Lock Down Domain Controllers as Tier-0 Assets
Domain controllers should be accessible only to the most trusted personnel and systems.
That means:
- No browsing from DCs.
- Strict remote access rules.
- Hardened administrative channels.
- Segmentation from lower-tier systems.
A domain controller is not a server. It is the identity authority of the enterprise and must be treated as such.
Plan for Recovery Before an Attack Happens
Identity recovery is business recovery. Organizations must ensure:
- Multiple offline AD backups.
- Prepared domain and forest recovery procedures.
- Clear delineation of roles during recovery.
- Tested restoration workflows.
A ransomware attack is not the time to learn how AD recovery works.
Monitor for the Subtle Changes That Signal Compromise
Some AD objects change rarely in legitimate scenarios, so monitoring them is invaluable.
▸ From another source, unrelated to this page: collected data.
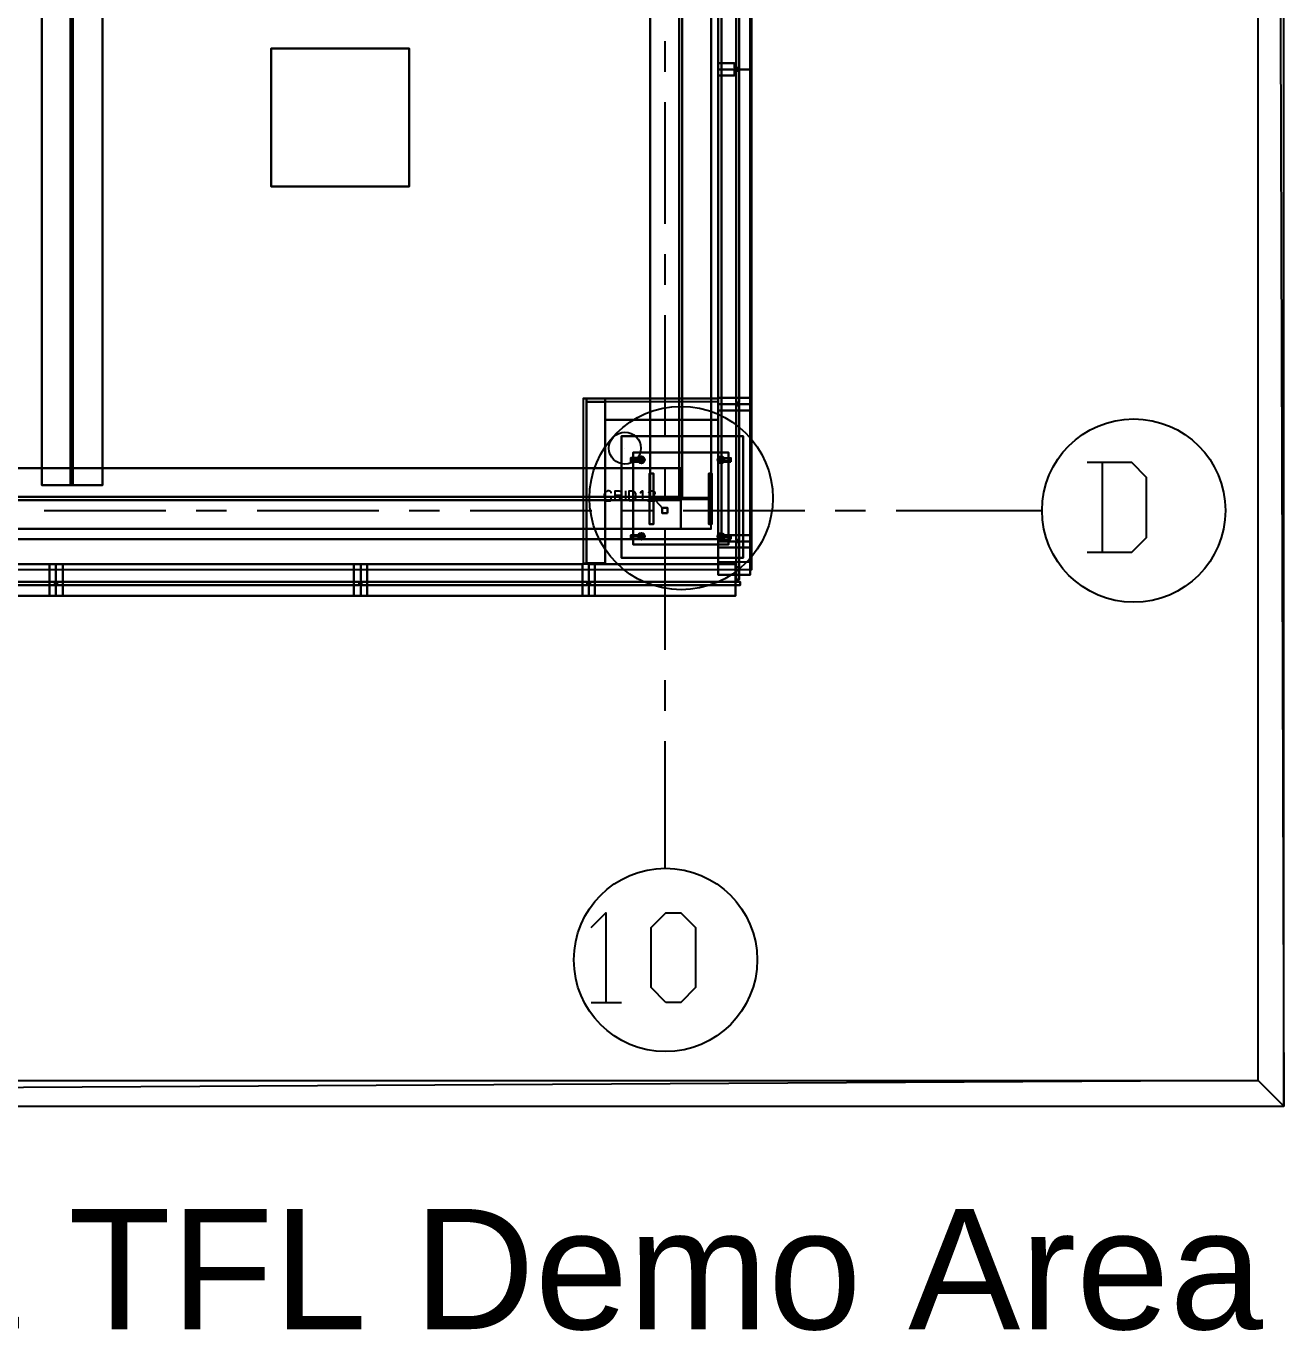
# Model space of a CAD drawing. Header units: metres. Extents: x 114 to 218, y 8 to 180.
# Drawn here: x 188.89 to 213.69, y 7.85 to 33.58 of the extents above; entities that cross this region are included whole.
import ezdxf

# ---------------------------------------------------------------- set-up
doc = ezdxf.new("R2010")
doc.units = ezdxf.units.M
doc.header["$MEASUREMENT"] = 0
for name, color, linetype in [('A-2D-GLAZ', 7, 'Continuous'), ('A-2D-GLAZ-CWMG', 7, 'Continuous'), ('A-2D-I-WALL', 7, 'Continuous'), ('A-3D-GLAZ-CURT', 7, 'Continuous'), ('A-3D-GLAZ-CWMG', 7, 'Continuous'), ('A-3D-I-WALL', 7, 'Continuous'), ('A-TFP-GRID-REFERENCE', 7, 'Continuous'), ('A_GRID', 7, 'Continuous'), ('E-LIGHT', 7, 'Continuous'), ('PDF_Text', 7, 'Continuous'), ('PL-ST-Pipe', 7, 'Continuous'), ('S-3D-BEAM', 7, 'Continuous'), ('S-3D-Cols', 7, 'Continuous'), ('S-3D-FTNG', 7, 'Continuous'), ('S-3D-PILR', 7, 'Continuous'), ('S-3D-SLAB', 7, 'Continuous'), ('S-3D-Steel', 7, 'Continuous'), ('S-3D-WALL', 7, 'Continuous')]:
    doc.layers.add(name, color=color, linetype=linetype)
doc.styles.add('pdf_arial', font='arial.ttf', dxfattribs={"height": 2.370755})

msp = doc.modelspace()

# ---------------------------------------------------------------- linework, layer by layer
for points in [[(213.688, 176.085), (213.18, 175.593), (213.688, 12.285), (213.688, 176.085), (213.688, 176.085)], [(213.18, 175.593), (213.688, 12.285), (213.18, 12.792), (213.18, 175.593), (213.18, 175.593)], [(213.688, 12.285), (213.18, 12.792), (123.92, 12.285), (213.688, 12.285), (213.688, 12.285)], [(213.18, 12.792), (123.92, 12.285), (124.428, 12.792), (213.18, 12.792), (213.18, 12.792)]]:
    msp.add_lwpolyline(points)
at = {"layer": 'A-2D-GLAZ', "color": 9, "true_color": 0xbababa}
for points in [[(202.89, 39.172), (202.89, 32.758), (202.952, 32.758), (202.952, 39.172), (202.89, 39.172)], [(202.89, 32.696), (202.89, 26.159), (202.952, 26.159), (202.952, 32.696), (202.89, 32.696)], [(202.89, 26.098), (202.89, 23.452), (202.952, 23.452), (202.952, 26.098), (202.89, 26.098)], [(202.89, 23.406), (202.89, 22.668), (202.952, 22.668), (202.952, 23.406), (202.89, 23.406)], [(189.462, 22.621), (183.509, 22.621), (183.509, 22.56), (189.462, 22.56), (189.462, 22.621)], [(195.461, 22.621), (189.508, 22.621), (189.508, 22.56), (195.461, 22.56), (195.461, 22.621)], [(199.952, 22.621), (195.507, 22.621), (195.507, 22.56), (199.952, 22.56), (199.952, 22.621)], [(202.967, 22.621), (200.014, 22.621), (200.014, 22.56), (202.967, 22.56), (202.967, 22.621)]]:
    msp.add_lwpolyline(points, dxfattribs=at)
at = {"layer": 'A-2D-GLAZ-CWMG', "color": 9, "true_color": 0xbababa}
for points in [[(202.536, 32.85), (202.536, 39.08)], [(203.167, 26.251), (203.167, 39.08)], [(202.859, 32.758), (202.859, 32.85), (202.536, 32.85), (202.536, 32.604), (202.859, 32.604), (202.859, 32.696), (202.952, 32.696), (202.952, 32.758), (202.859, 32.758)], [(202.536, 26.251), (202.536, 32.604)], [(203.167, 26.005), (203.167, 26.251), (202.536, 26.251), (202.536, 26.005), (203.167, 26.005)], [(203.167, 23.544), (203.167, 26.005)], [(202.536, 23.544), (202.536, 25.821)], [(203.167, 23.298), (203.167, 23.544), (202.536, 23.544), (202.536, 23.298), (203.167, 23.298)], [(202.89, 22.76), (202.536, 22.76), (202.536, 23.298)], [(203.167, 22.76), (203.167, 23.298)], [(183.601, 22.975), (189.354, 22.975)], [(189.354, 22.345), (189.616, 22.345), (189.616, 22.975), (189.354, 22.975), (189.354, 22.345)], [(189.616, 22.975), (195.353, 22.975)], [(195.353, 22.345), (195.614, 22.345), (195.614, 22.975), (195.353, 22.975), (195.353, 22.345)], [(195.614, 22.975), (199.86, 22.975)], [(199.86, 22.345), (200.106, 22.345), (200.106, 22.975), (199.86, 22.975), (199.86, 22.345)], [(200.106, 22.975), (202.875, 22.975)], [(202.875, 22.975), (202.875, 22.621)], [(203.167, 22.76), (202.952, 22.76)], [(202.875, 22.544), (202.875, 22.345)], [(167.112, 22.345), (189.354, 22.345)], [(189.616, 22.345), (195.353, 22.345)], [(195.614, 22.345), (199.86, 22.345)], [(200.106, 22.345), (202.875, 22.345)]]:
    msp.add_lwpolyline(points, dxfattribs=at)
at = {"layer": 'A-2D-I-WALL', "color": 9, "true_color": 0xbababa}
for points in [[(199.875, 26.236), (199.875, 22.991), (200.306, 22.991)], [(200.306, 25.821), (202.536, 25.821), (202.536, 26.236), (199.875, 26.236)], [(199.937, 26.175), (199.937, 22.991)], [(202.536, 26.175), (199.937, 26.175)], [(200.306, 22.991), (200.306, 25.821)]]:
    msp.add_lwpolyline(points, dxfattribs=at)
at = {"layer": 'A-3D-GLAZ-CURT', "color": 131, "true_color": 0x7fffff}
for points in [[(202.89, 32.758), (202.952, 32.758), (202.952, 39.172), (202.952, 32.758), (202.89, 32.758)], [(202.89, 39.172), (202.952, 39.172), (202.89, 39.172), (202.89, 32.758), (202.89, 39.172)], [(202.89, 39.172), (202.952, 39.172), (202.952, 32.758), (202.89, 32.758), (202.952, 32.758), (202.952, 39.172), (202.89, 39.172), (202.89, 32.758), (202.89, 39.172)], [(202.89, 32.758), (202.89, 32.758)], [(202.89, 32.758), (202.89, 32.758)], [(202.89, 32.758), (202.89, 32.758)], [(202.89, 26.159), (202.952, 26.159), (202.952, 32.696), (202.952, 26.159), (202.89, 26.159)], [(202.89, 32.696), (202.952, 32.696), (202.89, 32.696), (202.89, 26.159), (202.89, 32.696)], [(202.89, 32.696), (202.89, 32.696)], [(202.89, 32.696), (202.952, 32.696), (202.952, 26.159), (202.89, 26.159), (202.952, 26.159), (202.952, 32.696), (202.89, 32.696), (202.89, 26.159), (202.89, 32.696)], [(202.89, 32.696), (202.89, 32.696)], [(202.952, 32.758), (202.952, 32.758)], [(202.952, 32.758), (202.952, 32.758)], [(202.952, 32.758), (202.952, 32.758)], [(202.952, 32.696), (202.952, 32.696)], [(202.952, 32.696), (202.952, 32.696)], [(202.952, 32.696), (202.952, 32.696)], [(202.89, 26.159), (202.89, 26.159)], [(202.89, 26.159), (202.89, 26.159)], [(202.89, 26.159), (202.89, 26.159)], [(202.89, 23.452), (202.952, 23.452), (202.952, 26.098), (202.952, 23.452), (202.89, 23.452)], [(202.89, 26.098), (202.952, 26.098), (202.89, 26.098), (202.89, 23.452), (202.89, 26.098)], [(202.89, 26.098), (202.89, 26.098)], [(202.89, 26.098), (202.952, 26.098), (202.952, 23.452), (202.89, 23.452), (202.952, 23.452), (202.952, 26.098), (202.89, 26.098), (202.89, 23.452), (202.89, 26.098)], [(202.89, 26.098), (202.89, 26.098)], [(202.952, 26.159), (202.952, 26.159)], [(202.952, 26.159), (202.952, 26.159)], [(202.952, 26.159), (202.952, 26.159)], [(202.952, 26.098), (202.952, 26.098)], [(202.952, 26.098), (202.952, 26.098)], [(202.952, 26.098), (202.952, 26.098)], [(202.89, 23.452), (202.89, 23.452)], [(202.89, 23.452), (202.89, 23.452)], [(202.89, 23.452), (202.89, 23.452)], [(202.952, 23.452), (202.952, 23.452)], [(202.952, 23.452), (202.952, 23.452)], [(202.952, 23.452), (202.952, 23.452)], [(202.89, 23.406), (202.952, 23.406), (202.952, 22.914), (202.89, 22.914), (202.952, 22.914), (202.952, 23.406), (202.89, 23.406), (202.89, 22.914), (202.89, 23.406)], [(202.89, 23.406), (202.89, 23.406)], [(202.89, 22.668), (202.952, 22.668), (202.952, 23.406), (202.952, 22.668), (202.89, 22.668)], [(202.89, 23.406), (202.952, 23.406), (202.89, 23.406), (202.89, 22.668), (202.89, 23.406)], [(202.89, 23.406), (202.89, 23.406)], [(202.952, 23.406), (202.952, 23.406)], [(202.952, 23.406), (202.952, 23.406)], [(202.952, 23.406), (202.952, 23.406)], [(202.89, 22.914), (202.89, 22.914)], [(202.952, 22.914), (202.952, 22.914)], [(202.89, 22.668), (202.89, 22.668)], [(202.89, 22.668), (202.89, 22.668)], [(202.952, 22.668), (202.952, 22.668)], [(202.952, 22.668), (202.952, 22.668)], [(183.509, 22.621), (183.509, 22.56), (189.462, 22.56), (183.509, 22.56), (183.509, 22.621)], [(189.462, 22.621), (189.462, 22.56), (189.462, 22.621), (183.509, 22.621), (189.462, 22.621)], [(183.509, 22.621), (183.509, 22.56), (189.462, 22.56), (183.509, 22.56), (183.509, 22.621)], [(189.462, 22.621), (189.462, 22.56), (189.462, 22.621), (183.509, 22.621), (189.462, 22.621)], [(189.462, 22.621), (189.462, 22.621)], [(189.462, 22.621), (189.462, 22.621)], [(189.462, 22.56), (189.462, 22.56)], [(189.462, 22.56), (189.462, 22.56)], [(189.462, 22.56), (189.462, 22.56)], [(189.462, 22.56), (189.462, 22.56)], [(189.508, 22.621), (189.508, 22.56), (195.461, 22.56), (189.508, 22.56), (189.508, 22.621)], [(195.461, 22.621), (195.461, 22.56), (195.461, 22.621), (189.508, 22.621), (195.461, 22.621)], [(189.508, 22.621), (189.508, 22.621)], [(189.508, 22.621), (189.508, 22.621)], [(189.508, 22.621), (189.508, 22.56), (195.461, 22.56), (189.508, 22.56), (189.508, 22.621)], [(195.461, 22.621), (195.461, 22.56), (195.461, 22.621), (189.508, 22.621), (195.461, 22.621)], [(189.508, 22.621), (189.508, 22.621)], [(189.508, 22.621), (189.508, 22.621)], [(189.508, 22.56), (189.508, 22.56)], [(189.508, 22.56), (189.508, 22.56)], [(189.508, 22.56), (189.508, 22.56)], [(189.508, 22.56), (189.508, 22.56)], [(195.461, 22.621), (195.461, 22.621)], [(195.461, 22.621), (195.461, 22.621)], [(195.461, 22.56), (195.461, 22.56)], [(195.461, 22.56), (195.461, 22.56)], [(195.461, 22.56), (195.461, 22.56)], [(195.461, 22.56), (195.461, 22.56)], [(195.507, 22.621), (195.507, 22.56), (199.952, 22.56), (195.507, 22.56), (195.507, 22.621)], [(199.952, 22.621), (199.952, 22.56), (199.952, 22.621), (195.507, 22.621), (199.952, 22.621)], [(195.507, 22.621), (195.507, 22.621)], [(195.507, 22.621), (195.507, 22.621)], [(195.507, 22.621), (195.507, 22.56), (199.952, 22.56), (195.507, 22.56), (195.507, 22.621)], [(199.952, 22.621), (199.952, 22.56), (199.952, 22.621), (195.507, 22.621), (199.952, 22.621)], [(195.507, 22.621), (195.507, 22.621)], [(195.507, 22.621), (195.507, 22.621)], [(195.507, 22.56), (195.507, 22.56)], [(195.507, 22.56), (195.507, 22.56)], [(195.507, 22.56), (195.507, 22.56)], [(195.507, 22.56), (195.507, 22.56)], [(199.952, 22.621), (199.952, 22.621)], [(199.952, 22.621), (199.952, 22.621)], [(199.952, 22.56), (199.952, 22.56)], [(199.952, 22.56), (199.952, 22.56)], [(199.952, 22.56), (199.952, 22.56)], [(199.952, 22.56), (199.952, 22.56)], [(200.014, 22.621), (200.014, 22.56), (202.967, 22.56), (200.014, 22.56), (200.014, 22.621)], [(202.967, 22.621), (202.967, 22.56), (202.967, 22.621), (200.014, 22.621), (202.967, 22.621)], [(200.014, 22.621), (200.014, 22.621)], [(200.014, 22.621), (200.014, 22.621)], [(200.014, 22.56), (200.014, 22.56)], [(200.014, 22.56), (200.014, 22.56)], [(202.967, 22.621), (202.967, 22.621)], [(202.967, 22.56), (202.967, 22.56)], [(202.967, 22.56), (202.967, 22.56)]]:
    msp.add_lwpolyline(points, dxfattribs=at)
at = {"layer": 'A-3D-GLAZ-CWMG', "color": 8, "true_color": 0x808080}
for points in [[(202.536, 39.326), (202.536, 39.326), (202.536, 32.727), (203.167, 32.727), (202.536, 32.727), (202.536, 39.326)], [(203.167, 39.326), (202.536, 39.326), (202.536, 32.727), (203.167, 32.727), (203.167, 39.326), (203.167, 32.727), (202.536, 32.727), (202.536, 39.326), (203.167, 39.326)], [(203.167, 32.727), (203.167, 39.326), (203.167, 32.727)], [(202.536, 32.85), (202.536, 32.85)], [(202.859, 32.85), (202.536, 32.85), (202.536, 32.604), (202.859, 32.604), (202.859, 32.696), (202.952, 32.696), (202.952, 32.758), (202.859, 32.758), (202.859, 32.85), (202.859, 32.758), (202.952, 32.758), (202.952, 32.696), (202.859, 32.696), (202.859, 32.604), (202.536, 32.604), (202.536, 32.85), (202.859, 32.85)], [(202.536, 32.85), (202.536, 32.85)], [(202.536, 32.85), (202.536, 32.85)], [(202.859, 32.758), (202.952, 32.758), (202.952, 32.696), (202.859, 32.696), (202.859, 32.604), (202.536, 32.604), (202.536, 32.85), (202.859, 32.85), (202.859, 32.85), (202.859, 32.758), (202.952, 32.758), (202.952, 32.696), (202.859, 32.696), (202.859, 32.604), (202.536, 32.604), (202.536, 32.85), (202.859, 32.85), (202.859, 32.758)], [(202.536, 32.85), (202.536, 32.85)], [(202.536, 32.727), (202.536, 32.727)], [(202.536, 32.727), (202.536, 32.727)], [(203.167, 32.727), (202.536, 32.727)], [(202.536, 32.727), (202.536, 26.128), (203.167, 26.128)], [(203.167, 32.727), (202.536, 32.727), (202.536, 26.128)], [(202.536, 32.727), (202.536, 32.727)], [(202.536, 32.727), (202.536, 32.727)], [(202.536, 32.727), (203.167, 32.727), (203.167, 26.251), (203.167, 32.727), (202.536, 32.727), (202.536, 26.251), (202.536, 32.727)], [(202.536, 32.727), (202.536, 32.727)], [(202.536, 32.727), (202.536, 32.727)], [(202.536, 32.727), (202.536, 32.727)], [(202.536, 32.727), (202.536, 32.727)], [(202.859, 32.85), (202.859, 32.85)], [(202.859, 32.85), (202.859, 32.85)], [(202.859, 32.85), (202.859, 32.85)], [(202.859, 32.85), (202.859, 32.85)], [(202.859, 32.758), (202.859, 32.758)], [(202.859, 32.758), (202.859, 32.758)], [(202.859, 32.758), (202.859, 32.758)], [(202.859, 32.696), (202.859, 32.696)], [(202.859, 32.696), (202.859, 32.696)], [(202.859, 32.696), (202.859, 32.696)], [(202.859, 32.696), (202.859, 32.696)], [(202.952, 32.758), (202.952, 32.758)], [(202.952, 32.758), (202.952, 32.758)], [(202.952, 32.758), (202.952, 32.758)], [(202.952, 32.758), (202.952, 32.758)], [(202.952, 32.696), (202.952, 32.696)], [(202.952, 32.696), (202.952, 32.696)], [(202.952, 32.696), (202.952, 32.696)], [(202.952, 32.696), (202.952, 32.696)], [(203.167, 32.727), (203.167, 32.727)], [(203.167, 32.727), (203.167, 32.727)], [(203.167, 26.128), (203.167, 32.727), (203.167, 26.128)], [(203.167, 32.727), (203.167, 32.727)], [(203.167, 32.727), (203.167, 32.727)], [(203.167, 32.727), (203.167, 32.727)], [(203.167, 32.727), (203.167, 32.727)], [(202.536, 32.604), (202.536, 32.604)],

Unexpected modifications to privileged groups, delegated permissions, sensitive security objects, or configuration policies should be treated as high-risk events.
Identity compromise starts quietly. Monitoring makes it loud.
AD Hardening Is Now a Board-Level Conversation
Boards increasingly ask CISOs questions like:
- “How exposed are we to identity compromise?”
- “Do we have excessive privilege in AD?”
- “Can we recover our identity systems after an attack?”
These are not technical questions; they are business continuity questions. Active Directory sits at the center of all of those questions.
Not loudly. Not prominently. But undeniably.
A Quiet but Essential Shift
Active Directory is still the backbone of enterprise authentication. If it is not secure, nothing built on top of it can ever be secure.
NuSummit helps organizations build AD hardening programs that:
- Protect identity at its core
- Reduce operational risk
- Strengthen cyber resilience
- Support board-level governance requirements
Identity is the new perimeter, and AD is the first place to reinforce it.